◆ Task objective
Of the entries below, return exactly those lines that fall between the one containing "doc.linetypes.add('DASHED2', pattern=[9.525, 6.35, -3.175])" and the one containing "linetype='Continuous', lineweight=0, plot=False)", the two end lines included.

= = =

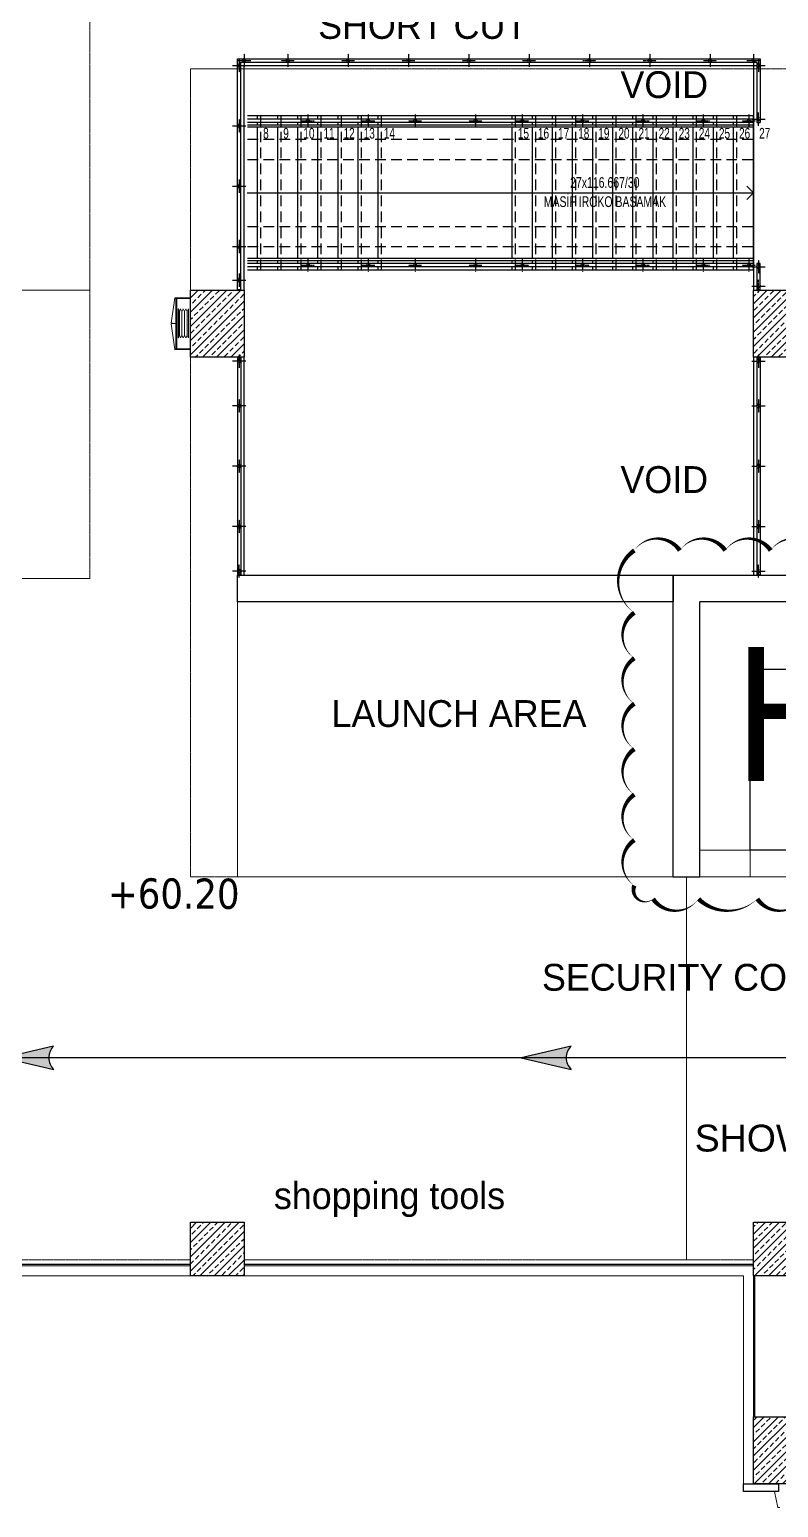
# Model space of a CAD drawing. Header units: metres. Extents: x -9891 to 773, y -8413 to 232.
# Drawn here: x -5359 to -4241, y -8413 to -6209 of the extents above; entities that cross this region are included whole.
import ezdxf
from ezdxf.enums import TextEntityAlignment as Align

# ---------------------------------------------------------------- set-up
doc = ezdxf.new("R2010")
doc.units = ezdxf.units.M
doc.header["$LTSCALE"] = 0.01
doc.header["$MEASUREMENT"] = 0
doc.linetypes.add('DASHED2', pattern=[9.525, 6.35, -3.175])
doc.linetypes.add('HIDDEN', pattern=[9.525, 6.35, -3.175])
doc.layers.get('0').update_dxf_attribs({"color": 30, "lineweight": 0})
doc.layers.add('2', color=8, linetype='Continuous', lineweight=0, plot=False)
for name, color, linetype in [('6', 242, 'Continuous'), ('AG-HANDRAIL', 20, 'Continuous'), ('AG-Hidden', 9, 'HIDDEN'), ('AG-PLASTER', 73, 'Continuous'), ('AG-STAIR', 3, 'Continuous'), ('AG-TEXT', 7, 'Continuous'), ('AR-HANDRAIL', 20, 'Continuous'), ('V-0_Hatch_Concrete', 252, 'Continuous'), ('V-2_Column', 160, 'Continuous'), ('V-2_Stair', 100, 'Continuous'), ('V-5_Mechanical', 222, 'Continuous')]:
    doc.layers.add(name, color=color, linetype=linetype)
for name, color, linetype, lineweight in [('Ag-040', 2, 'Continuous', 20), ('AG-FIRE-HOSE', 1, 'Continuous', 0), ('AG-Profile_Aluminium', 122, 'Continuous', 9), ('AG-Wall', 4, 'Continuous', 20), ('AI-040 @ 250', 2, 'Continuous', 20), ('Cephe Duvarı', 3, 'Continuous', 30), ('HOLD', 7, 'Continuous', 0), ('SP2-Flooring', 4, 'DASHED2', 9)]:
    doc.layers.add(name, color=color, linetype=linetype, lineweight=lineweight)
doc.styles.add('$0$IIS IKEA SANS', font='')
doc.styles.add('ARIAL', font='arial.ttf', dxfattribs={"width": 0.9})
doc.styles.add('ARIAL-ING', font='arial.ttf')
doc.styles.add('IIS IKEA SANS', font='')
doc.styles.get('$0$IIS IKEA SANS').set_extended_font_data('IKEA Sans')
doc.styles.get('IIS IKEA SANS').set_extended_font_data('IKEA Sans')

# ---------------------------------------------------------------- blocks, each defined once
blk = doc.blocks.new('*U8')
at = {"style": 'ARIAL'}
for tag, p in [('NO', (1.676, 0.8)), ('MAHAL', (1.676, -1.8)), ('ALAN', (1.676, -4.4))]:
    blk.add_attdef(tag, text='', height=1.6, dxfattribs=at).set_placement(p, align=Align.MIDDLE_CENTER)
blk = doc.blocks.new('150714_ARSA$0$KOLON 80X120')
at = {"layer": 'V-0_Hatch_Concrete'}
h = blk.add_hatch(dxfattribs=at)
h.set_pattern_fill('ANSI33', color=256, scale=60)
h.set_pattern_definition([(45, (-19036.79, -4512.143), (-10.606602, 10.606602), []), (45, (-19026.183, -4512.143), (-10.606602, 10.606602), [7.5, -3.75])])
h.paths.add_polyline_path([(0, 100), (80, 100), (80, 0), (0, 0)])
at = {"layer": 'V-2_Column'}
blk.add_lwpolyline([(0, 100), (80, 100), (80, 0), (0, 0), (0, 100)], dxfattribs=at)
blk = doc.blocks.new('150714_ARSA$0$Kolon 80x80')
at = {"layer": 'V-0_Hatch_Concrete'}
h = blk.add_hatch(dxfattribs=at)
h.set_pattern_fill('ANSI33', color=256, scale=0.6)
h.set_pattern_definition([(45, (-173.56495, -48.76922), (-0.10606602, 0.10606602), []), (45, (-173.45888, -48.76922), (-0.10606602, 0.10606602), [0.075, -0.0375])])
h.paths.add_polyline_path([(0, 0.8), (0.8, 0.8), (0.8, 0), (0, 0)])
at = {"layer": 'V-2_Column'}
blk.add_lwpolyline([(0, 0.8), (0.8, 0.8), (0.8, 0), (0, 0), (0, 0.8)], dxfattribs=at)
blk = doc.blocks.new('Slab_9_1', base_point=(-85903, -46600))
at = {"layer": 'SP2-Flooring', "color": 209}
for points in [[(-50190, -72760), (-47400, -72760), (-47400, -72200), (-46600, -72200), (-46600, -72760), (-39000, -72760), (-39000, -72200), (-38200, -72200)], [(-38200, -73000), (-38980, -73000), (-38980, -75100), (-38200, -75100)], [(-30850, -67050), (-47400, -67050), (-47400, -55000), (-38201, -55000)], [(-55403, -48899), (-48181, -48899), (-48181, -41500), (-40703, -41500), (-37496, -41500), (-37496, -47379), (-33922, -47379), (-33922, -51329), (-38202, -51330), (-38202, -53576), (-48900, -53575), (-48900, -62600), (-60203, -62600)]]:
    blk.add_lwpolyline(points, dxfattribs=at)
blk = doc.blocks.new('A$C0EC4316B')
at = {"layer": '2'}
for p, q in [((-49600, -57800), (-43500, -57800)), ((-34600, -66550), (-34600, -72260))]:
    blk.add_line(p, q, dxfattribs=at)
blk = doc.blocks.new('IIS_RoomInfo_2D')
at = {"style": 'IIS IKEA SANS'}
for tag, p, height in [('IIS_ROOMINFO_1:ROOMNAME', (-5.19, 1.61), 2), ('IIS_ROOMINFO_1:ROOMNO', (-5.19, -1.39), 2), ('IIS_ROOMINFO_1:ROOMM2', (-5.19, -3.64), 1.25)]:
    blk.add_attdef(tag, p, '', height=height, dxfattribs=at)
blk = doc.blocks.new('YD')
at = {"layer": 'AG-FIRE-HOSE'}
for p, q in [((-16.5, 21.4), (-16.5, 56.4)), ((-13, 56.9), (-13, 20.9)), ((-9, 20.9), (-9, 56.9)), ((-5.1, 56.9), (-5.1, 20.9)), ((-22, 38.9), (-20.4, 38.9))]:
    blk.add_line(p, q, dxfattribs=at)
for points in [[(-22, 77), (-23.6, 77), (-28.8, 39.4, 0.037389), (-22, 38.9, -23668932620.97506)], [(-22, 0), (-23.6, 0), (-28.8, 38.4, -0.037389), (-22, 38.9, 23668932620.97506)]]:
    blk.add_lwpolyline(points, format="xyb", dxfattribs=at)
for points in [[(-22, 0), (0, 0), (0, 77), (-22, 77), (-22, 0)], [(-18.1, 60.5), (-16.5, 56.4), (-14.9, 60.5), (-13, 56.9), (-11, 60.5), (-9, 56.9), (-7.1, 60.5), (-5.1, 56.9), (-3.1, 60.5)], [(-18.1, 17.3), (-16.5, 21.4), (-14.9, 17.3), (-13, 20.9), (-11, 17.3), (-9, 20.9), (-7.1, 17.3), (-5.1, 20.9), (-3.1, 17.3)]]:
    blk.add_lwpolyline(points, dxfattribs=at)
for points in [[(-20.4, 0.8), (-0.8, 0.8), (-0.8, 76.2), (-20.4, 76.2)], [(-18.5, 17.3), (-18.1, 17.3), (-18.1, 60.5), (-18.5, 60.5)], [(-3.1, 60.5), (-2.8, 60.5), (-2.8, 17.3), (-3.1, 17.3)]]:
    blk.add_lwpolyline(points, close=True, dxfattribs=at)
blk = doc.blocks.new('ok')
at = {"layer": '6'}
h = blk.add_hatch(color=256, dxfattribs=at)
edge = h.paths.add_edge_path()
edge.add_ellipse((1571515.97, 116941.68), major_axis=(-7.14, 7.19), ratio=1, start_angle=359.45276, end_angle=450.68953)
edge.add_line((1571508.87, 116934.46), (1571477.92, 116941.82))
edge.add_line((1571477.92, 116941.82), (1571508.9, 116948.94))
for p, q in [((1571477.92, 116941.82), (1571508.9, 116948.94)), ((1571508.87, 116934.46), (1571477.92, 116941.82))]:
    blk.add_line(p, q, dxfattribs=at)
at = {"layer": '6', "extrusion": (0, 0, -1)}
blk.add_ellipse((1571515.97, 116941.68), major_axis=(-7.14, 7.19), ratio=1, start_param=4.700354, end_param=6.292737, dxfattribs=at)
blk = doc.blocks.new('A$C6B6314DF')
at = {"layer": '6'}
blk.add_line((-40.932, -78.249), (-56.78, -78.249), dxfattribs=at)
at = {"layer": '6', "extrusion": (0, 0, -1), "xscale": 0.0239999999999418, "yscale": 0.0239999999999418, "zscale": -0.0239999999999418, "rotation": 180}
for p in [(37771.455, 2728.354), (37763.735, 2728.354)]:
    blk.add_blockref('ok', p, dxfattribs=at)
blk = doc.blocks.new('A$C33B82F70')
at = {"layer": 'AG-Profile_Aluminium'}
for p, q in [((-34038, -8553), (-34087, -8315)), ((-34010, -8553), (-34038, -8553))]:
    blk.add_line(p, q, dxfattribs=at)

msp = doc.modelspace()

# ---------------------------------------------------------------- linework, layer by layer
at = {"layer": '2'}
for p in [(-5048.4, -7033.1), (-4398.4, -7473.1)]:
    msp.add_line(p, (-5048.4, -7473.1), dxfattribs=at)
at = {"layer": 'AG-HANDRAIL', "ltscale": 0.3}
for points in [[(-5048.4, -6597.1), (-5048.4, -6253.1), (-4268.4, -6253.1), (-4268.4, -6348.1)], [(-5043.4, -6597.1), (-5043.4, -6258.1), (-4273.4, -6258.1), (-4273.4, -6348.1), (-4268.4, -6348.1)], [(-4278.4, -6343.1), (-5033.4, -6343.1)], [(-4278.4, -6348.1), (-5033.4, -6348.1)], [(-4278.4, -6352.1), (-5033.4, -6352.1)], [(-4278.4, -6355.1), (-5033.4, -6355.1)], [(-4278.4, -6551.1), (-5033.4, -6551.1)], [(-4278.4, -6554.1), (-5033.4, -6554.1)], [(-4278.4, -6558.1), (-5033.4, -6558.1)], [(-4278.4, -6563.1), (-5033.4, -6563.1)], [(-4268.4, -6597.1), (-4268.4, -6558.1), (-4273.4, -6558.1), (-4273.4, -6597.1)], [(-5048.4, -6597.1), (-5043.4, -6597.1)], [(-4273.4, -6597.1), (-4268.4, -6597.1)], [(-5048.4, -6699.1), (-5043.4, -6699.1)], [(-5048.4, -6699.1), (-5048.4, -7022.1)], [(-5043.4, -6699.1), (-5043.4, -7022.1)], [(-4273.4, -6699.1), (-4273.4, -7022.1)], [(-4273.4, -6699.1), (-4268.4, -6699.1)], [(-4268.4, -6699.1), (-4268.4, -7022.1)], [(-5043.4, -7022.1), (-5048.4, -7022.1)], [(-4273.4, -7022.1), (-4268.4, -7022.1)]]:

= = =

◆ Answer to the exercise
doc.linetypes.add('DASHED2', pattern=[9.525, 6.35, -3.175])
doc.linetypes.add('HIDDEN', pattern=[9.525, 6.35, -3.175])
doc.layers.get('0').update_dxf_attribs({"color": 30, "lineweight": 0})
doc.layers.add('2', color=8, linetype='Continuous', lineweight=0, plot=False)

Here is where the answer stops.